## YOUR ASSIGNMENT
Only the lines below from the one containing "- net at U1.13" to the one containing "- net GND: now also J?.4, U15.8 (R2IN)" should be repeated, both included and unchanged.
------ EXTRACTED MATERIAL
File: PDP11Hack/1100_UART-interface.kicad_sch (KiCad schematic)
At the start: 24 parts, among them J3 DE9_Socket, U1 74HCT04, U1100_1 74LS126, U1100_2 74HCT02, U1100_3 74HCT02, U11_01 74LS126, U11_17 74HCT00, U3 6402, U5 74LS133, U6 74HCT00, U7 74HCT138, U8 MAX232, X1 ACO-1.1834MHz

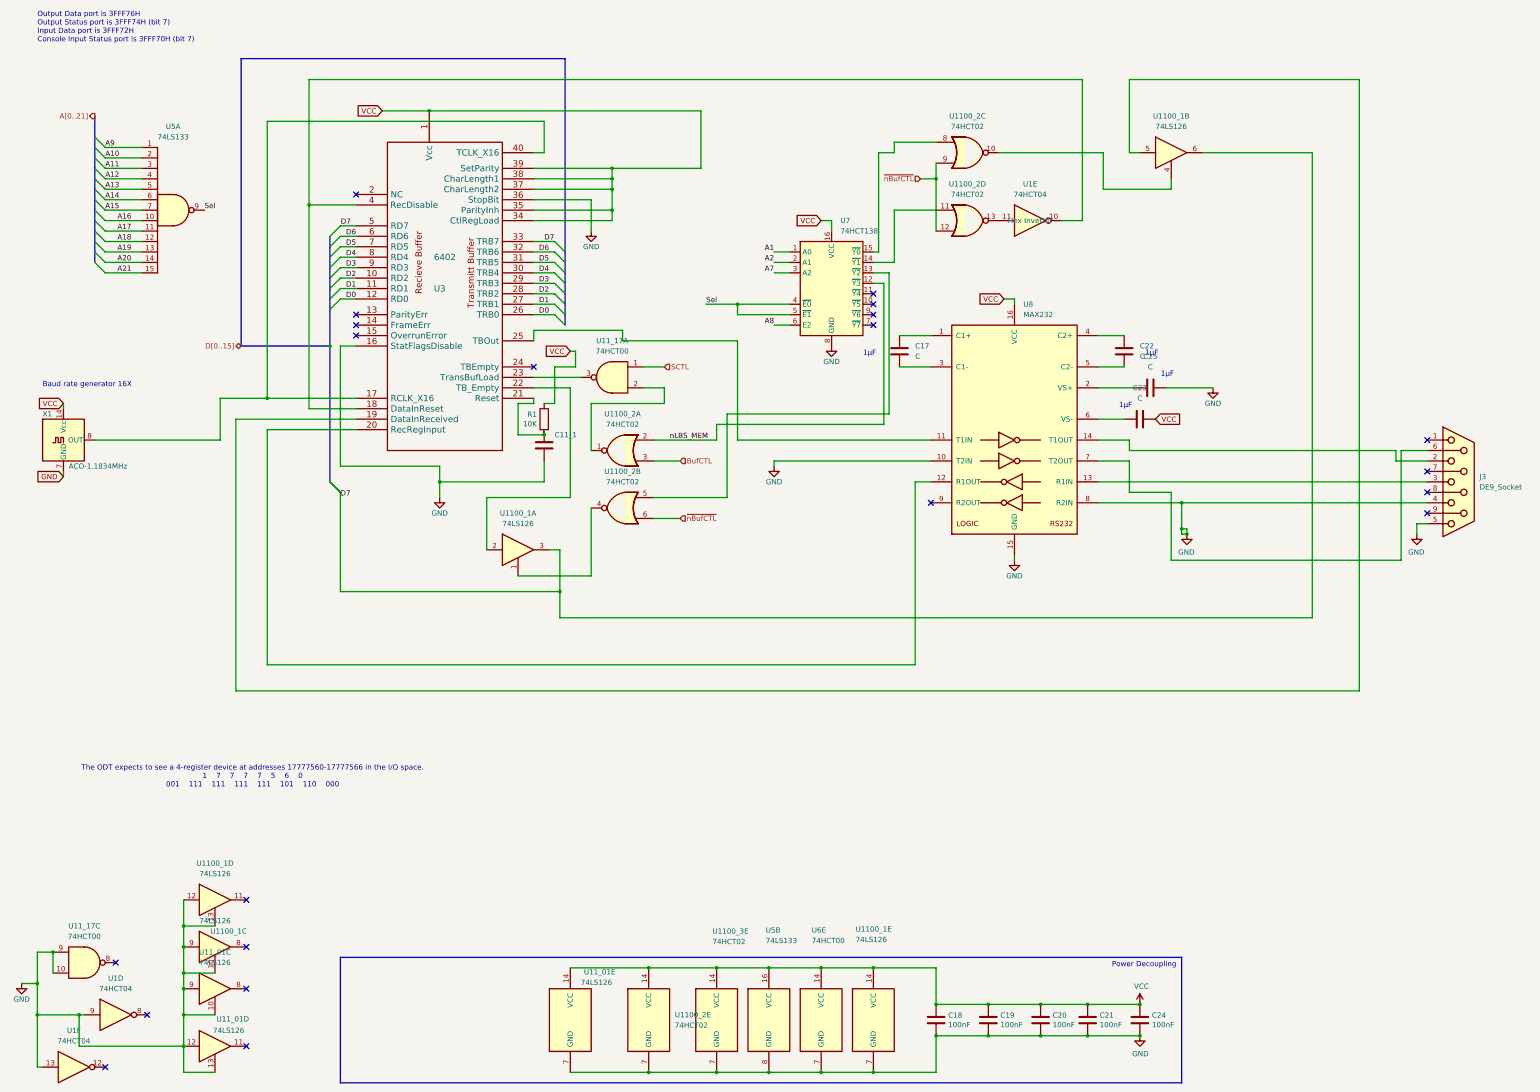
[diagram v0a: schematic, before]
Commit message: Corrections thanks to Peter Schranz on VCFED
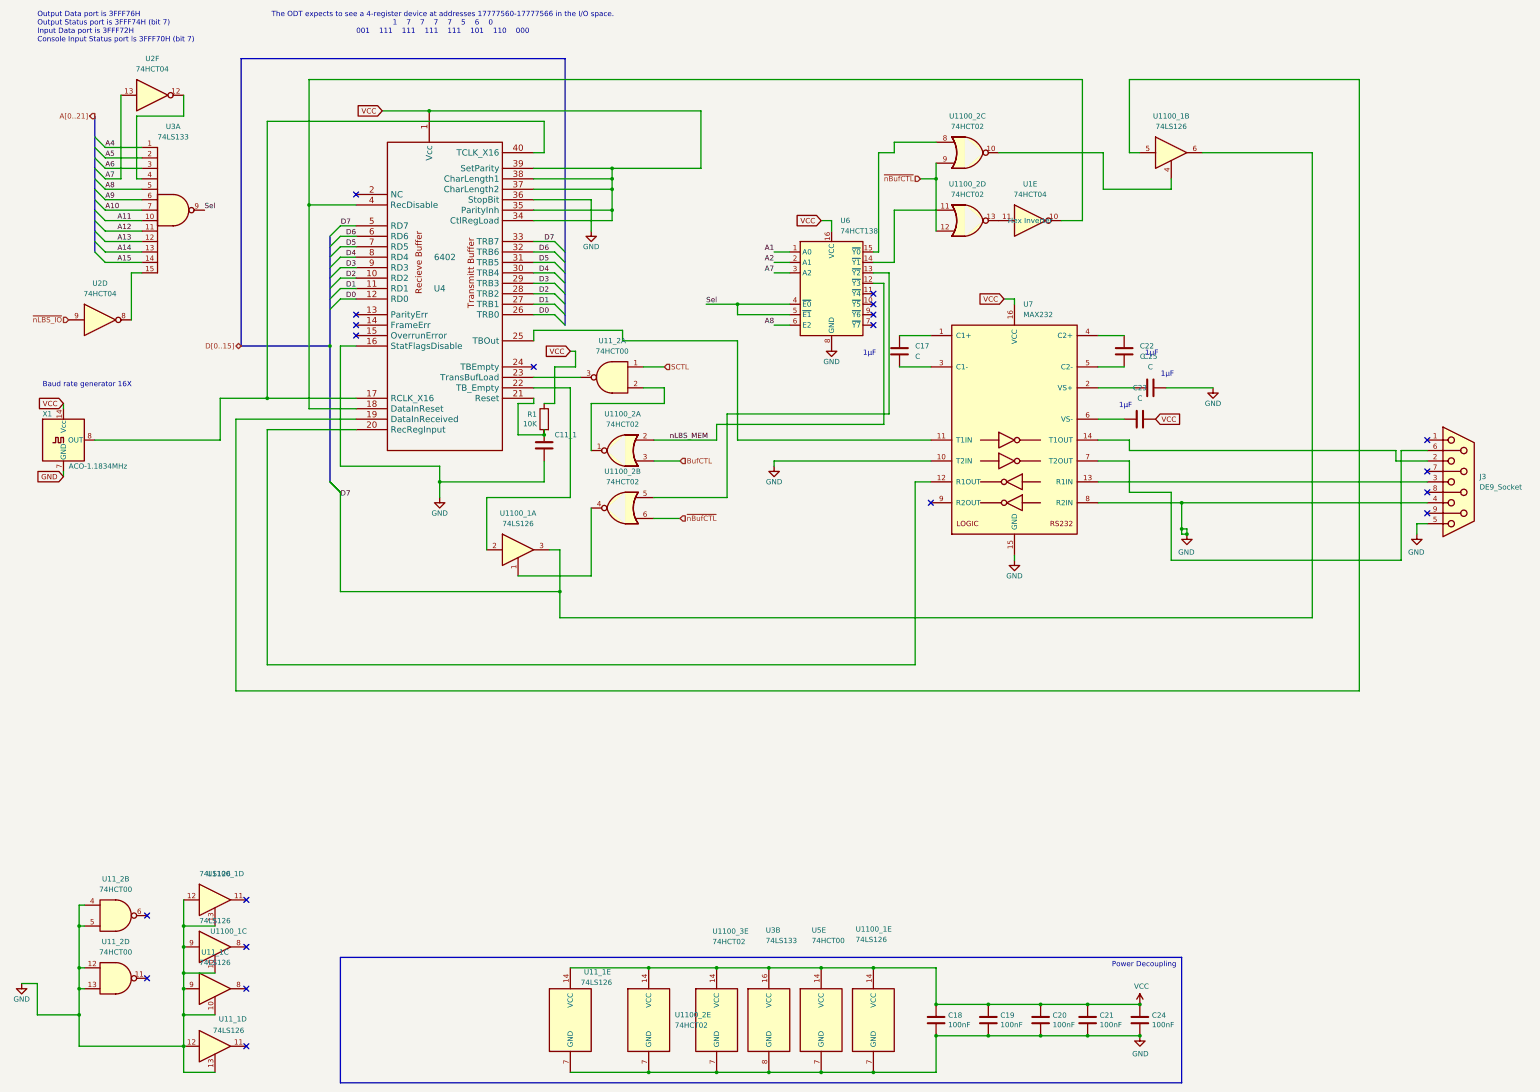
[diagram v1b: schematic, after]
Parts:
- removed unit 6 of U1
- removed unit 4 of U1
- removed unit 3 of U11_17
- added unit 4 of U11_2
- added unit 2 of U11_2
- added U2: 74HCT04, symbol 74xx:74HCT04
- renumbered U11_01 to U11_1, U11_17 to U11_2, U5 to U3, U3 to U4, U6 to U5, U7 to U6, U8 to U7
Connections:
- net A16 is gone; now on net A11: U3.10
- net A17 is gone; now on net A12: U3.11
- net A18 is gone; now on net A13: U3.12
- net A19 is gone; now on net A14: U3.13
- net A20 is gone; now on net A15: U3.14
- net A10: now also U3.7; no longer U3.2
- net A11: no longer U3.3
- net A12: no longer U3.4
- net A13: no longer U3.5
- net A14: no longer U3.6
- net A15: no longer U3.7
- net A7: now also U2.13
- net A8: now also U3.5
- net A9: now also U3.6; no longer U3.1
- net GND: now also U11_2.12, U11_2.13, U11_2.4, U11_2.5
- net A21: no longer names the net of U3.15
- net A21: now also U2.8
- new net: U2.12, U3.4
- new net A4: U3.1
- new net A5: U3.2
- new net A6: U3.3
- new net ~{nLBS_IO}: U2.9
- no-connect marks 21 -> 20

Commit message: Last update, PCB creation ready
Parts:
- removed U1100_3: 74HCT02, symbol 74xx:74HCT02
- removed U11_1: 74LS126, symbol 74xx:74LS126
- removed U5: 74HCT00, symbol 74xx:74HCT00
- C11_1: footprint Alius_6502:CP_Radial_D6.3mm_P2.50mm -> Capacitor_THT:C_Axial_L3.8mm_D2.6mm_P10.00mm_Horizontal
- C17, C22, C23, C25: footprint (none) -> Capacitor_THT:C_Axial_L3.8mm_D2.6mm_P10.00mm_Horizontal
- J3: footprint (none) -> Connector_Dsub:DSUB-9_Socket_Horizontal_P2.77x2.54mm_EdgePinOffset9.40mm
- U1, U1100_1, U1100_2, U11_2, U2: footprint (none) -> Package_DIP:DIP-14_W7.62mm
- U3, U6, U7: footprint (none) -> Package_DIP:DIP-16_W7.62mm
- U4: footprint ~ -> Package_DIP:DIP-40_W15.24mm
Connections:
- no-connect marks 20 -> 18
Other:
- moved on the sheet: R1

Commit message: Add files via upload
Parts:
- added R11_2, R11_3, R11_4, R11_5: 100 ohm, symbol Device:R
- renumbered C11_1 to C11_?, C18 to C2, C19 to C3, C20 to C4, C21 to C5, C24 to C6, C17 to C?, C25 to C?, C23 to C?, C22 to C?, J3 to J?, U6 to U1, U4 to U1100_2, U1100_1 to U1100_3, U1100_2 to U1100_4, U1100_2 to U1100_?, U1100_1 to U1100_?, U11_2 to U11_?, U7 to U15, U11_2 to U5, U3 to U?, U2 to U?, U1 to U?, X1 to X1100_1
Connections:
- net A7: now also U?.1; no longer U?.13
- net BufCTL: now also U1100_4.12; no longer U1100_4.3
- net GND: now also U1100_?.1, U1100_?.1, U1100_?.2, U1100_?.2, U11_?.1, U11_?.1, U11_?.2, U11_?.2; no longer J?.4, U1100_?.10, U1100_?.12, U1100_?.13, U1100_?.7 (GND), U1100_?.7 (GND), U1100_?.9, U11_?.12, U11_?.13, U11_?.4, U11_?.5, U15.8 (R2IN), U?.8 (GND)
- net SCTL: now also U5.4; no longer U5.1
- net VCC: no longer U1100_?.14 (VCC), U1100_?.14 (VCC), U?.16 (VCC)
- net nLBS_MEM: now also U1100_4.11; no longer U1100_4.2
- net ~{nBufCTL}: now also U1100_4.3, U1100_4.6, U1100_4.9; no longer U1100_4.12, U1100_4.6, U1100_4.9
- net ~{nLBS_IO}: now also U?.1; no longer U?.9
- net at J?.1: now also J?.4, J?.6
- net at J?.2: now also R11_2.1; no longer U15.14 (T1OUT)
- net at J?.3: now also R11_4.1; no longer U15.13 (R1IN)
- net at U15.7 (T2OUT): now also R11_5.2; no longer J?.6
- net at J?.7: now also R11_3.1
- net at J?.8: now also R11_5.1
- net at U1100_2.23 (TransBufLoad): now also U5.6; no longer U5.3
- net at U1100_2.22 (TB_Empty): now also U1100_3.9; no longer U1100_3.2
- net at U1100_3.4: now also U1100_4.4; no longer U1100_4.10
- net at U1.15 (~{Y0}): now also U1100_4.5; no longer U1100_4.8
- net at U?.15: now also U?.2; no longer U?.8
- net at U?.4: now also U?.2; no longer U?.12
- net at U1.13 (~{Y2}): now also U1100_4.8; no longer U1100_4.5
- net at U1.14 (~{Y1}): now also U1100_4.2; no longer U1100_4.11
- net at U1100_2.18 (DataInReset), U1100_2.4 (RecDisable): now also U?.2; no longer U?.10
- net D0 renamed DAL00
- net D1 renamed DAL01
- net D2 renamed DAL02
- net D3 renamed DAL03
- net D4 renamed DAL04
- net D5 renamed DAL05
- net D6 renamed DAL06
- net D7 renamed DAL07
- net DAL07: now also U1100_3.8; no longer U1100_3.3
- new net: R11_2.2, U15.14 (T1OUT)
- new net: U1100_4.13, U5.5
- new net: U1100_3.10, U1100_4.10
- new net: R11_4.2, U15.8 (R2IN)
- new net: U1100_4.1, U?.1
- new net: R11_3.2, U15.13 (R1IN)
- no-connect marks 18 -> 15
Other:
- note added: "Any and all addresses in the range (3F)E000H to (3F)FFFFH are understood to access I/O ports by the J11. When the J11 first powers up, only the address range 0H to FFFFH is available, So the decode mechanism uses only A0->A15. nLBS_IO is also used to managed the MMU/non MMU cases. Output Data port is 3FFF76H Output Status port is 3FFF74H (bit 7) Input Data port is 3FFF72H Console Input Status por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"
- note removed: "Output Data port is 3FFF76H Output Status port is 3FFF74H (bit 7) Input Data port is 3FFF72H Console Input Status port is 3FFF70H (bit 7)"
- moved on the sheet: U1100_?A

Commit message: Add files via upload
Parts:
- removed R11_2, R11_3, R11_4, R11_5: 100 ohm, symbol Device:R
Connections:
- net GND: now also J?.4, U15.8 (R2IN)
- net at J?.2: now also U15.14 (T1OUT)
- net at J?.3: now also U15.13 (R1IN)
- net at U15.7 (T2OUT): now also J?.6
- net nLBS_MEM: no longer names the net of U1.12 (~{Y3}), U1100_4.11
- now unconnected: J?.1
- no-connect marks 15 -> 18
------------
## ANSWER SPACE
- net at U1.13 (~{Y2}): now also U1100_4.8; no longer U1100_4.5
- net at U1.14 (~{Y1}): now also U1100_4.2; no longer U1100_4.11
- net at U1100_2.18 (DataInReset), U1100_2.4 (RecDisable): now also U?.2; no longer U?.10
- net D0 renamed DAL00
- net D1 renamed DAL01
- net D2 renamed DAL02
- net D3 renamed DAL03
- net D4 renamed DAL04
- net D5 renamed DAL05
- net D6 renamed DAL06
- net D7 renamed DAL07
- net DAL07: now also U1100_3.8; no longer U1100_3.3
- new net: R11_2.2, U15.14 (T1OUT)
- new net: U1100_4.13, U5.5
- new net: U1100_3.10, U1100_4.10
- new net: R11_4.2, U15.8 (R2IN)
- new net: U1100_4.1, U?.1
- new net: R11_3.2, U15.13 (R1IN)
- no-connect marks 18 -> 15
Other:
- note added: "Any and all addresses in the range (3F)E000H to (3F)FFFFH are understood to access I/O ports by the J11. When the J11 first powers up, only the address range 0H to FFFFH is available, So the decode mechanism uses only A0->A15. nLBS_IO is also used to managed the MMU/non MMU cases. Output Data port is 3FFF76H Output Status port is 3FFF74H (bit 7) Input Data port is 3FFF72H Console Input Status por"
- note removed: "Output Data port is 3FFF76H Output Status port is 3FFF74H (bit 7) Input Data port is 3FFF72H Console Input Status port is 3FFF70H (bit 7)"
- moved on the sheet: U1100_?A

Commit message: Add files via upload
Parts:
- removed R11_2, R11_3, R11_4, R11_5: 100 ohm, symbol Device:R
Connections:
- net GND: now also J?.4, U15.8 (R2IN)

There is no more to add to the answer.